> [WORK INSTRUCTION] Take the lines from the beginning of the material through the line containing "#46=CARTESIAN_POINT('',(6.35,0.,6.35));" and retype them exactly, leaving the pictures out.

> [THE DATA]
━━━━━━━━━━━━━━━━

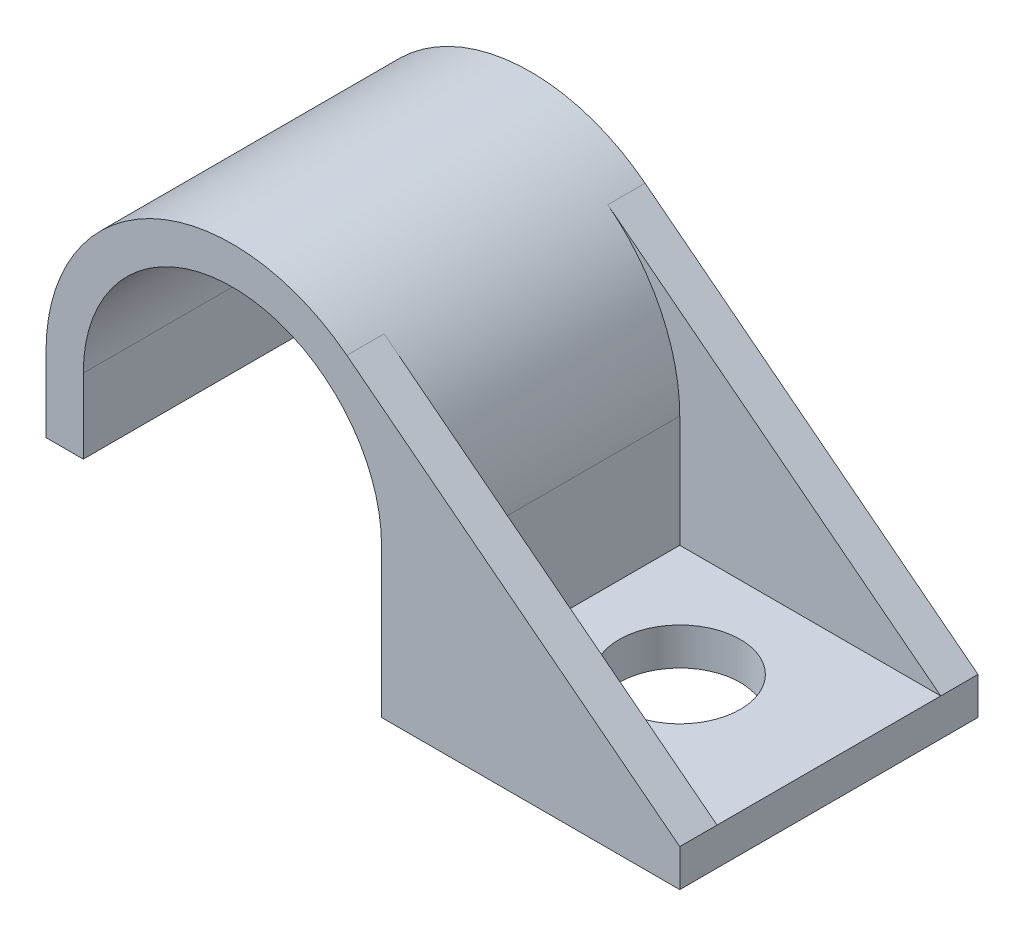
ISO-10303-21;
HEADER;
FILE_DESCRIPTION(('STEP AP214'),'2;1');
FILE_NAME('part.step','',(''),(''),'','','');
FILE_SCHEMA(('AUTOMOTIVE_DESIGN { 1 0 10303 214 1 1 1 1 }'));
ENDSEC;
DATA;
#1=APPLICATION_CONTEXT('core data for automotive mechanical design processes');
#2=APPLICATION_PROTOCOL_DEFINITION('international standard','automotive_design',2000,#1);
#3=PRODUCT_CONTEXT('',#1,'mechanical');
#4=PRODUCT('Part','Part','',(#3));
#5=PRODUCT_RELATED_PRODUCT_CATEGORY('part','',(#4));
#6=PRODUCT_DEFINITION_FORMATION('','',#4);
#7=PRODUCT_DEFINITION_CONTEXT('part definition',#1,'design');
#8=PRODUCT_DEFINITION('design','',#6,#7);
#9=PRODUCT_DEFINITION_SHAPE('','',#8);
#10=(LENGTH_UNIT() NAMED_UNIT(*) SI_UNIT(.MILLI.,.METRE.));
#11=(NAMED_UNIT(*) PLANE_ANGLE_UNIT() SI_UNIT($,.RADIAN.));
#12=(NAMED_UNIT(*) SI_UNIT($,.STERADIAN.) SOLID_ANGLE_UNIT());
#13=UNCERTAINTY_MEASURE_WITH_UNIT(LENGTH_MEASURE(1.E-05),#10,'distance_accuracy_value','');
#14=(GEOMETRIC_REPRESENTATION_CONTEXT(3) GLOBAL_UNCERTAINTY_ASSIGNED_CONTEXT((#13)) GLOBAL_UNIT_ASSIGNED_CONTEXT((#10,
#11,#12)) REPRESENTATION_CONTEXT('',''));
#15=CARTESIAN_POINT('',(0.,0.,0.));
#16=DIRECTION('',(0.,0.,1.));
#17=DIRECTION('',(1.,0.,0.));
#18=AXIS2_PLACEMENT_3D('',#15,#16,#17);
#19=CARTESIAN_POINT('',(6.35,0.,6.35));
#20=DIRECTION('',(0.,1.,0.));
#21=DIRECTION('',(-1.,0.,0.));
#22=AXIS2_PLACEMENT_3D('',#19,#20,#21);
#23=PLANE('',#22);
#24=DIRECTION('',(1.,0.,0.));
#25=VECTOR('',#24,1.);
#26=CARTESIAN_POINT('',(6.35,0.,-6.35));
#27=LINE('',#26,#25);
#28=CARTESIAN_POINT('',(6.35,0.,-6.35));
#29=VERTEX_POINT('',#28);
#30=CARTESIAN_POINT('',(19.05,0.,-6.35));
#31=VERTEX_POINT('',#30);
#32=EDGE_CURVE('E188',#29,#31,#27,.T.);
#33=ORIENTED_EDGE('',*,*,#32,.T.);
#34=DIRECTION('',(0.,0.,-1.));
#35=VECTOR('',#34,1.);
#36=CARTESIAN_POINT('',(19.05,0.,6.35));
#37=LINE('',#36,#35);
#38=CARTESIAN_POINT('',(19.05,0.,6.35));
#39=VERTEX_POINT('',#38);
#40=EDGE_CURVE('E162',#39,#31,#37,.T.);
#41=ORIENTED_EDGE('',*,*,#40,.F.);
#42=DIRECTION('',(1.,0.,0.));
#43=VECTOR('',#42,1.);
#44=CARTESIAN_POINT('',(6.35,0.,6.35));
#45=LINE('',#44,#43);
#46=CARTESIAN_POINT('',(6.35,0.,6.35));
#47=VERTEX_POINT('',#46);
#48=EDGE_CURVE('E238',#47,#39,#45,.T.);
#49=ORIENTED_EDGE('',*,*,#48,.F.);
#50=DIRECTION('',(0.,0.,-1.));
#51=VECTOR('',#50,1.);
#52=CARTESIAN_POINT('',(6.35,0.,6.35));
#53=LINE('',#52,#51);
#54=EDGE_CURVE('E165',#47,#29,#53,.T.);
#55=ORIENTED_EDGE('',*,*,#54,.T.);
#56=EDGE_LOOP('',(#33,#41,#49,#55));
#57=FACE_BOUND('',#56,.T.);
#58=CARTESIAN_POINT('',(12.7,0.,0.));
#59=DIRECTION('',(0.,1.,0.));
#60=DIRECTION('',(0.,0.,1.));
#61=AXIS2_PLACEMENT_3D('',#58,#59,#60);
#62=CIRCLE('',#61,2.5796875);
#63=CARTESIAN_POINT('',(12.7,0.,2.5796875));
#64=VERTEX_POINT('',#63);
#65=EDGE_CURVE('E253',#64,#64,#62,.T.);
#66=ORIENTED_EDGE('',*,*,#65,.T.);
#67=EDGE_LOOP('',(#66));
#68=FACE_BOUND('',#67,.T.);
#69=ADVANCED_FACE('F34',(#57,#68),#23,.F.);
#70=CARTESIAN_POINT('',(7.9375,1.5875,4.7625));
#71=DIRECTION('',(0.,1.,0.));
#72=DIRECTION('',(0.,0.,1.));
#73=AXIS2_PLACEMENT_3D('',#70,#71,#72);
#74=PLANE('',#73);
#75=DIRECTION('',(0.,0.,1.));
#76=VECTOR('',#75,1.);
#77=CARTESIAN_POINT('',(7.9375,1.5875,-4.7625));
#78=LINE('',#77,#76);
#79=CARTESIAN_POINT('',(7.9375,1.5875,-4.7625));
#80=VERTEX_POINT('',#79);
#81=CARTESIAN_POINT('',(7.9375,1.5875,4.7625));
#82=VERTEX_POINT('',#81);
#83=EDGE_CURVE('E247',#80,#82,#78,.T.);
#84=ORIENTED_EDGE('',*,*,#83,.T.);
#85=DIRECTION('',(1.,0.,0.));
#86=VECTOR('',#85,1.);
#87=CARTESIAN_POINT('',(7.9375,1.5875,4.7625));
#88=LINE('',#87,#86);
#89=CARTESIAN_POINT('',(19.05,1.5875,4.7625));
#90=VERTEX_POINT('',#89);
#91=EDGE_CURVE('E58',#82,#90,#88,.T.);
#92=ORIENTED_EDGE('',*,*,#91,.T.);
#93=DIRECTION('',(0.,0.,-1.));
#94=VECTOR('',#93,1.);
#95=CARTESIAN_POINT('',(19.05,1.5875,-4.7625));
#96=LINE('',#95,#94);
#97=CARTESIAN_POINT('',(19.05,1.5875,-4.7625));
#98=VERTEX_POINT('',#97);
#99=EDGE_CURVE('E244',#90,#98,#96,.T.);
#100=ORIENTED_EDGE('',*,*,#99,.T.);
#101=DIRECTION('',(-1.,0.,0.));
#102=VECTOR('',#101,1.);
#103=CARTESIAN_POINT('',(7.9375,1.5875,-4.7625));
#104=LINE('',#103,#102);
#105=EDGE_CURVE('E131',#98,#80,#104,.T.);
#106=ORIENTED_EDGE('',*,*,#105,.T.);
#107=EDGE_LOOP('',(#84,#92,#100,#106));
#108=FACE_BOUND('',#107,.T.);
#109=CARTESIAN_POINT('',(12.7,1.5875,0.));
#110=DIRECTION('',(0.,1.,0.));
#111=DIRECTION('',(0.,0.,1.));
#112=AXIS2_PLACEMENT_3D('',#109,#110,#111);
#113=CIRCLE('',#112,2.5796875);
#114=CARTESIAN_POINT('',(12.7,1.5875,2.5796875));
#115=VERTEX_POINT('',#114);
#116=EDGE_CURVE('E38',#115,#115,#113,.F.);
#117=ORIENTED_EDGE('',*,*,#116,.T.);
#118=EDGE_LOOP('',(#117));
#119=FACE_BOUND('',#118,.T.);
#120=ADVANCED_FACE('F260',(#108,#119),#74,.T.);
#121=CARTESIAN_POINT('',(19.05,1.5875,6.35));
#122=DIRECTION('',(-0.613994284293819,-0.789310470508608,0.));
#123=DIRECTION('',(0.789310470508608,-0.613994284293819,0.));
#124=AXIS2_PLACEMENT_3D('',#121,#122,#123);
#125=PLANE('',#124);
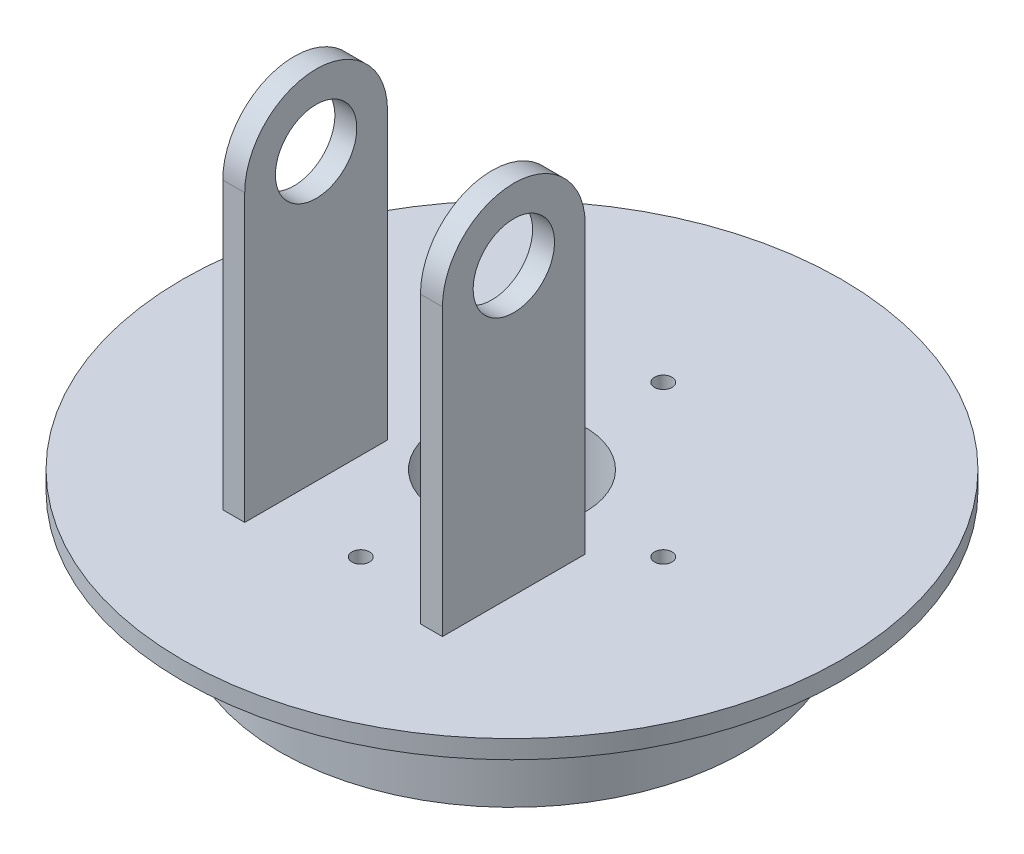
ISO-10303-21;
HEADER;
FILE_DESCRIPTION(('STEP AP214'),'2;1');
FILE_NAME('part.step','',(''),(''),'','','');
FILE_SCHEMA(('AUTOMOTIVE_DESIGN { 1 0 10303 214 1 1 1 1 }'));
ENDSEC;
DATA;
#1=APPLICATION_CONTEXT('core data for automotive mechanical design processes');
#2=APPLICATION_PROTOCOL_DEFINITION('international standard','automotive_design',2000,#1);
#3=PRODUCT_CONTEXT('',#1,'mechanical');
#4=PRODUCT('Part','Part','',(#3));
#5=PRODUCT_RELATED_PRODUCT_CATEGORY('part','',(#4));
#6=PRODUCT_DEFINITION_FORMATION('','',#4);
#7=PRODUCT_DEFINITION_CONTEXT('part definition',#1,'design');
#8=PRODUCT_DEFINITION('design','',#6,#7);
#9=PRODUCT_DEFINITION_SHAPE('','',#8);
#10=(LENGTH_UNIT() NAMED_UNIT(*) SI_UNIT(.MILLI.,.METRE.));
#11=(NAMED_UNIT(*) PLANE_ANGLE_UNIT() SI_UNIT($,.RADIAN.));
#12=(NAMED_UNIT(*) SI_UNIT($,.STERADIAN.) SOLID_ANGLE_UNIT());
#13=UNCERTAINTY_MEASURE_WITH_UNIT(LENGTH_MEASURE(1.E-05),#10,'distance_accuracy_value','');
#14=(GEOMETRIC_REPRESENTATION_CONTEXT(3) GLOBAL_UNCERTAINTY_ASSIGNED_CONTEXT((#13)) GLOBAL_UNIT_ASSIGNED_CONTEXT((#10,
#11,#12)) REPRESENTATION_CONTEXT('',''));
#15=CARTESIAN_POINT('',(0.,0.,0.));
#16=DIRECTION('',(0.,0.,1.));
#17=DIRECTION('',(1.,0.,0.));
#18=AXIS2_PLACEMENT_3D('',#15,#16,#17);
#19=CARTESIAN_POINT('',(0.,5.,0.));
#20=DIRECTION('',(0.,1.,0.));
#21=DIRECTION('',(0.,0.,1.));
#22=AXIS2_PLACEMENT_3D('',#19,#20,#21);
#23=PLANE('',#22);
#24=CARTESIAN_POINT('',(0.,5.,0.));
#25=DIRECTION('',(0.,1.,0.));
#26=DIRECTION('',(0.,0.,1.));
#27=AXIS2_PLACEMENT_3D('',#24,#25,#26);
#28=CIRCLE('',#27,20.);
#29=CARTESIAN_POINT('',(0.,5.,20.));
#30=VERTEX_POINT('',#29);
#31=EDGE_CURVE('E230',#30,#30,#28,.T.);
#32=ORIENTED_EDGE('',*,*,#31,.F.);
#33=EDGE_LOOP('',(#32));
#34=FACE_BOUND('',#33,.T.);
#35=DIRECTION('',(1.,0.,0.));
#36=VECTOR('',#35,1.);
#37=CARTESIAN_POINT('',(-30.,5.,49.));
#38=LINE('',#37,#36);
#39=CARTESIAN_POINT('',(-30.,5.,49.));
#40=VERTEX_POINT('',#39);
#41=CARTESIAN_POINT('',(-24.,5.,49.));
#42=VERTEX_POINT('',#41);
#43=EDGE_CURVE('E156',#40,#42,#38,.T.);
#44=ORIENTED_EDGE('',*,*,#43,.F.);
#45=DIRECTION('',(0.,0.,1.));
#46=VECTOR('',#45,1.);
#47=CARTESIAN_POINT('',(-30.,5.,10.));
#48=LINE('',#47,#46);
#49=CARTESIAN_POINT('',(-30.,5.,10.));
#50=VERTEX_POINT('',#49);
#51=EDGE_CURVE('E145',#50,#40,#48,.T.);
#52=ORIENTED_EDGE('',*,*,#51,.F.);
#53=DIRECTION('',(-1.,0.,0.));
#54=VECTOR('',#53,1.);
#55=CARTESIAN_POINT('',(-30.,5.,10.));
#56=LINE('',#55,#54);
#57=CARTESIAN_POINT('',(-24.,5.,10.));
#58=VERTEX_POINT('',#57);
#59=EDGE_CURVE('E150',#58,#50,#56,.T.);
#60=ORIENTED_EDGE('',*,*,#59,.F.);
#61=DIRECTION('',(0.,0.,-1.));
#62=VECTOR('',#61,1.);
#63=CARTESIAN_POINT('',(-24.,5.,10.));
#64=LINE('',#63,#62);
#65=EDGE_CURVE('E158',#42,#58,#64,.T.);
#66=ORIENTED_EDGE('',*,*,#65,.F.);
#67=EDGE_LOOP('',(#44,#52,#60,#66));
#68=FACE_BOUND('',#67,.T.);
#69=CARTESIAN_POINT('',(41.31,5.,0.));
#70=DIRECTION('',(0.,1.,0.));
#71=DIRECTION('',(0.,0.,-1.));
#72=AXIS2_PLACEMENT_3D('',#69,#70,#71);
#73=CIRCLE('',#72,2.415);
#74=CARTESIAN_POINT('',(41.31,5.,-2.41500000000006));
#75=VERTEX_POINT('',#74);
#76=EDGE_CURVE('E169',#75,#75,#73,.T.);
#77=ORIENTED_EDGE('',*,*,#76,.F.);
#78=EDGE_LOOP('',(#77));
#79=FACE_BOUND('',#78,.T.);
#80=CARTESIAN_POINT('',(-41.31,5.,0.));
#81=DIRECTION('',(0.,1.,0.));
#82=DIRECTION('',(0.,0.,1.));
#83=AXIS2_PLACEMENT_3D('',#80,#81,#82);
#84=CIRCLE('',#83,2.415);
#85=CARTESIAN_POINT('',(-41.31,5.,2.415));
#86=VERTEX_POINT('',#85);
#87=EDGE_CURVE('E173',#86,#86,#84,.T.);
#88=ORIENTED_EDGE('',*,*,#87,.F.);
#89=EDGE_LOOP('',(#88));
#90=FACE_BOUND('',#89,.T.);
#91=CARTESIAN_POINT('',(0.,5.,41.31));
#92=DIRECTION('',(0.,1.,0.));
#93=DIRECTION('',(0.,0.,-1.));
#94=AXIS2_PLACEMENT_3D('',#91,#92,#93);
#95=CIRCLE('',#94,2.415);
#96=CARTESIAN_POINT('',(0.,5.,38.895));
#97=VERTEX_POINT('',#96);
#98=EDGE_CURVE('E179',#97,#97,#95,.T.);
#99=ORIENTED_EDGE('',*,*,#98,.F.);
#100=EDGE_LOOP('',(#99));
#101=FACE_BOUND('',#100,.T.);
#102=CARTESIAN_POINT('',(0.,5.,-41.31));
#103=DIRECTION('',(0.,1.,0.));
#104=DIRECTION('',(0.,0.,1.));
#105=AXIS2_PLACEMENT_3D('',#102,#103,#104);
#106=CIRCLE('',#105,2.415);
#107=CARTESIAN_POINT('',(0.,5.,-38.895));
#108=VERTEX_POINT('',#107);
#109=EDGE_CURVE('E185',#108,#108,#106,.T.);
#110=ORIENTED_EDGE('',*,*,#109,.F.);
#111=EDGE_LOOP('',(#110));
#112=FACE_BOUND('',#111,.T.);
#113=CARTESIAN_POINT('',(0.,5.,0.));
#114=DIRECTION('',(0.,1.,0.));
#115=DIRECTION('',(0.,0.,1.));
#116=AXIS2_PLACEMENT_3D('',#113,#114,#115);
#117=CIRCLE('',#116,90.);
#118=CARTESIAN_POINT('',(0.,5.,90.));
#119=VERTEX_POINT('',#118);
#120=EDGE_CURVE('E41',#119,#119,#117,.T.);
#121=ORIENTED_EDGE('',*,*,#120,.T.);
#122=EDGE_LOOP('',(#121));
#123=FACE_BOUND('',#122,.T.);
#124=DIRECTION('',(-1.,0.,0.));
#125=VECTOR('',#124,1.);
#126=CARTESIAN_POINT('',(30.,5.,9.99999999999999));
#127=LINE('',#126,#125);
#128=CARTESIAN_POINT('',(30.,5.,9.99999999999999));
#129=VERTEX_POINT('',#128);
#130=CARTESIAN_POINT('',(24.,5.,9.99999999999999));
#131=VERTEX_POINT('',#130);
#132=EDGE_CURVE('E137',#129,#131,#127,.T.);
#133=ORIENTED_EDGE('',*,*,#132,.F.);
#134=DIRECTION('',(0.,0.,-1.));
#135=VECTOR('',#134,1.);
#136=CARTESIAN_POINT('',(30.,5.,9.99999999999999));
#137=LINE('',#136,#135);
#138=CARTESIAN_POINT('',(30.,5.,49.));
#139=VERTEX_POINT('',#138);
#140=EDGE_CURVE('E130',#139,#129,#137,.T.);
#141=ORIENTED_EDGE('',*,*,#140,.F.);
#142=DIRECTION('',(1.,0.,0.));
#143=VECTOR('',#142,1.);
#144=CARTESIAN_POINT('',(30.,5.,49.));
#145=LINE('',#144,#143);
#146=CARTESIAN_POINT('',(24.,5.,49.));
#147=VERTEX_POINT('',#146);
#148=EDGE_CURVE('E133',#147,#139,#145,.T.);
#149=ORIENTED_EDGE('',*,*,#148,.F.);
#150=DIRECTION('',(0.,0.,1.));
#151=VECTOR('',#150,1.);
#152=CARTESIAN_POINT('',(24.,5.,9.99999999999999));
#153=LINE('',#152,#151);
#154=EDGE_CURVE('E112',#131,#147,#153,.T.);
#155=ORIENTED_EDGE('',*,*,#154,.F.);
#156=EDGE_LOOP('',(#133,#141,#149,#155));
#157=FACE_BOUND('',#156,.T.);
#158=ADVANCED_FACE('F32',(#34,#68,#79,#90,#101,#112,#123,#157),#23,.T.);
#159=CARTESIAN_POINT('',(0.,0.,0.));
#160=DIRECTION('',(0.,1.,0.));
#161=DIRECTION('',(0.,0.,1.));
#162=AXIS2_PLACEMENT_3D('',#159,#160,#161);
#163=PLANE('',#162);
#164=CARTESIAN_POINT('',(0.,0.,0.));
#165=DIRECTION('',(0.,1.,0.));
#166=DIRECTION('',(0.,0.,1.));
#167=AXIS2_PLACEMENT_3D('',#164,#165,#166);
#168=CIRCLE('',#167,90.);
#169=CARTESIAN_POINT('',(0.,0.,90.));
#170=VERTEX_POINT('',#169);
#171=EDGE_CURVE('E196',#170,#170,#168,.T.);
#172=ORIENTED_EDGE('',*,*,#171,.F.);
#173=EDGE_LOOP('',(#172));
#174=FACE_BOUND('',#173,.T.);
#175=CARTESIAN_POINT('',(0.,0.,0.));
#176=DIRECTION('',(0.,1.,0.));
#177=DIRECTION('',(0.,0.,1.));
#178=AXIS2_PLACEMENT_3D('',#175,#176,#177);
#179=CIRCLE('',#178,63.5);
#180=CARTESIAN_POINT('',(0.,0.,63.5));
#181=VERTEX_POINT('',#180);
#182=EDGE_CURVE('E11',#181,#181,#179,.F.);
#183=ORIENTED_EDGE('',*,*,#182,.F.);
#184=EDGE_LOOP('',(#183));
#185=FACE_BOUND('',#184,.T.);
#186=ADVANCED_FACE('F203',(#174,#185),#163,.F.);
#187=CARTESIAN_POINT('',(0.,5.,0.));
#188=DIRECTION('',(0.,-1.,0.));
#189=DIRECTION('',(0.,0.,-1.));
#190=AXIS2_PLACEMENT_3D('',#187,#188,#189);
#191=CYLINDRICAL_SURFACE('',#190,90.);
#192=ORIENTED_EDGE('',*,*,#120,.F.);
#193=EDGE_LOOP('',(#192));
#194=FACE_BOUND('',#193,.T.);
#195=ORIENTED_EDGE('',*,*,#171,.T.);
#196=EDGE_LOOP('',(#195));
#197=FACE_BOUND('',#196,.T.);
#198=ADVANCED_FACE('F34',(#194,#197),#191,.T.);
#199=CARTESIAN_POINT('',(0.,-30.,0.));
#200=DIRECTION('',(0.,1.,0.));
#201=DIRECTION('',(0.,0.,1.));
#202=AXIS2_PLACEMENT_3D('',#199,#200,#201);
#203=CYLINDRICAL_SURFACE('',#202,63.5);
#204=CARTESIAN_POINT('',(0.,-30.,0.));
#205=DIRECTION('',(0.,-1.,0.));
#206=DIRECTION('',(0.,0.,-1.));
#207=AXIS2_PLACEMENT_3D('',#204,#205,#206);
#208=CIRCLE('',#207,63.5);
#209=CARTESIAN_POINT('',(0.,-30.,-63.5));
#210=VERTEX_POINT('',#209);
#211=EDGE_CURVE('E191',#210,#210,#208,.T.);
#212=ORIENTED_EDGE('',*,*,#211,.F.);
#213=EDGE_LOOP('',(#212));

━━━━━━━━━━━━━━━━

> [REPLY]
ISO-10303-21;
HEADER;
FILE_DESCRIPTION(('STEP AP214'),'2;1');
FILE_NAME('part.step','',(''),(''),'','','');
FILE_SCHEMA(('AUTOMOTIVE_DESIGN { 1 0 10303 214 1 1 1 1 }'));
ENDSEC;
DATA;
#1=APPLICATION_CONTEXT('core data for automotive mechanical design processes');
#2=APPLICATION_PROTOCOL_DEFINITION('international standard','automotive_design',2000,#1);
#3=PRODUCT_CONTEXT('',#1,'mechanical');
#4=PRODUCT('Part','Part','',(#3));
#5=PRODUCT_RELATED_PRODUCT_CATEGORY('part','',(#4));
#6=PRODUCT_DEFINITION_FORMATION('','',#4);
#7=PRODUCT_DEFINITION_CONTEXT('part definition',#1,'design');
#8=PRODUCT_DEFINITION('design','',#6,#7);
#9=PRODUCT_DEFINITION_SHAPE('','',#8);
#10=(LENGTH_UNIT() NAMED_UNIT(*) SI_UNIT(.MILLI.,.METRE.));
#11=(NAMED_UNIT(*) PLANE_ANGLE_UNIT() SI_UNIT($,.RADIAN.));
#12=(NAMED_UNIT(*) SI_UNIT($,.STERADIAN.) SOLID_ANGLE_UNIT());
#13=UNCERTAINTY_MEASURE_WITH_UNIT(LENGTH_MEASURE(1.E-05),#10,'distance_accuracy_value','');
#14=(GEOMETRIC_REPRESENTATION_CONTEXT(3) GLOBAL_UNCERTAINTY_ASSIGNED_CONTEXT((#13)) GLOBAL_UNIT_ASSIGNED_CONTEXT((#10,
#11,#12)) REPRESENTATION_CONTEXT('',''));
#15=CARTESIAN_POINT('',(0.,0.,0.));
#16=DIRECTION('',(0.,0.,1.));
#17=DIRECTION('',(1.,0.,0.));
#18=AXIS2_PLACEMENT_3D('',#15,#16,#17);
#19=CARTESIAN_POINT('',(6.35,0.,6.35));
#20=DIRECTION('',(0.,1.,0.));
#21=DIRECTION('',(-1.,0.,0.));
#22=AXIS2_PLACEMENT_3D('',#19,#20,#21);
#23=PLANE('',#22);
#24=DIRECTION('',(1.,0.,0.));
#25=VECTOR('',#24,1.);
#26=CARTESIAN_POINT('',(6.35,0.,-6.35));
#27=LINE('',#26,#25);
#28=CARTESIAN_POINT('',(6.35,0.,-6.35));
#29=VERTEX_POINT('',#28);
#30=CARTESIAN_POINT('',(19.05,0.,-6.35));
#31=VERTEX_POINT('',#30);
#32=EDGE_CURVE('E188',#29,#31,#27,.T.);
#33=ORIENTED_EDGE('',*,*,#32,.T.);
#34=DIRECTION('',(0.,0.,-1.));
#35=VECTOR('',#34,1.);
#36=CARTESIAN_POINT('',(19.05,0.,6.35));
#37=LINE('',#36,#35);
#38=CARTESIAN_POINT('',(19.05,0.,6.35));
#39=VERTEX_POINT('',#38);
#40=EDGE_CURVE('E162',#39,#31,#37,.T.);
#41=ORIENTED_EDGE('',*,*,#40,.F.);
#42=DIRECTION('',(1.,0.,0.));
#43=VECTOR('',#42,1.);
#44=CARTESIAN_POINT('',(6.35,0.,6.35));
#45=LINE('',#44,#43);
#46=CARTESIAN_POINT('',(6.35,0.,6.35));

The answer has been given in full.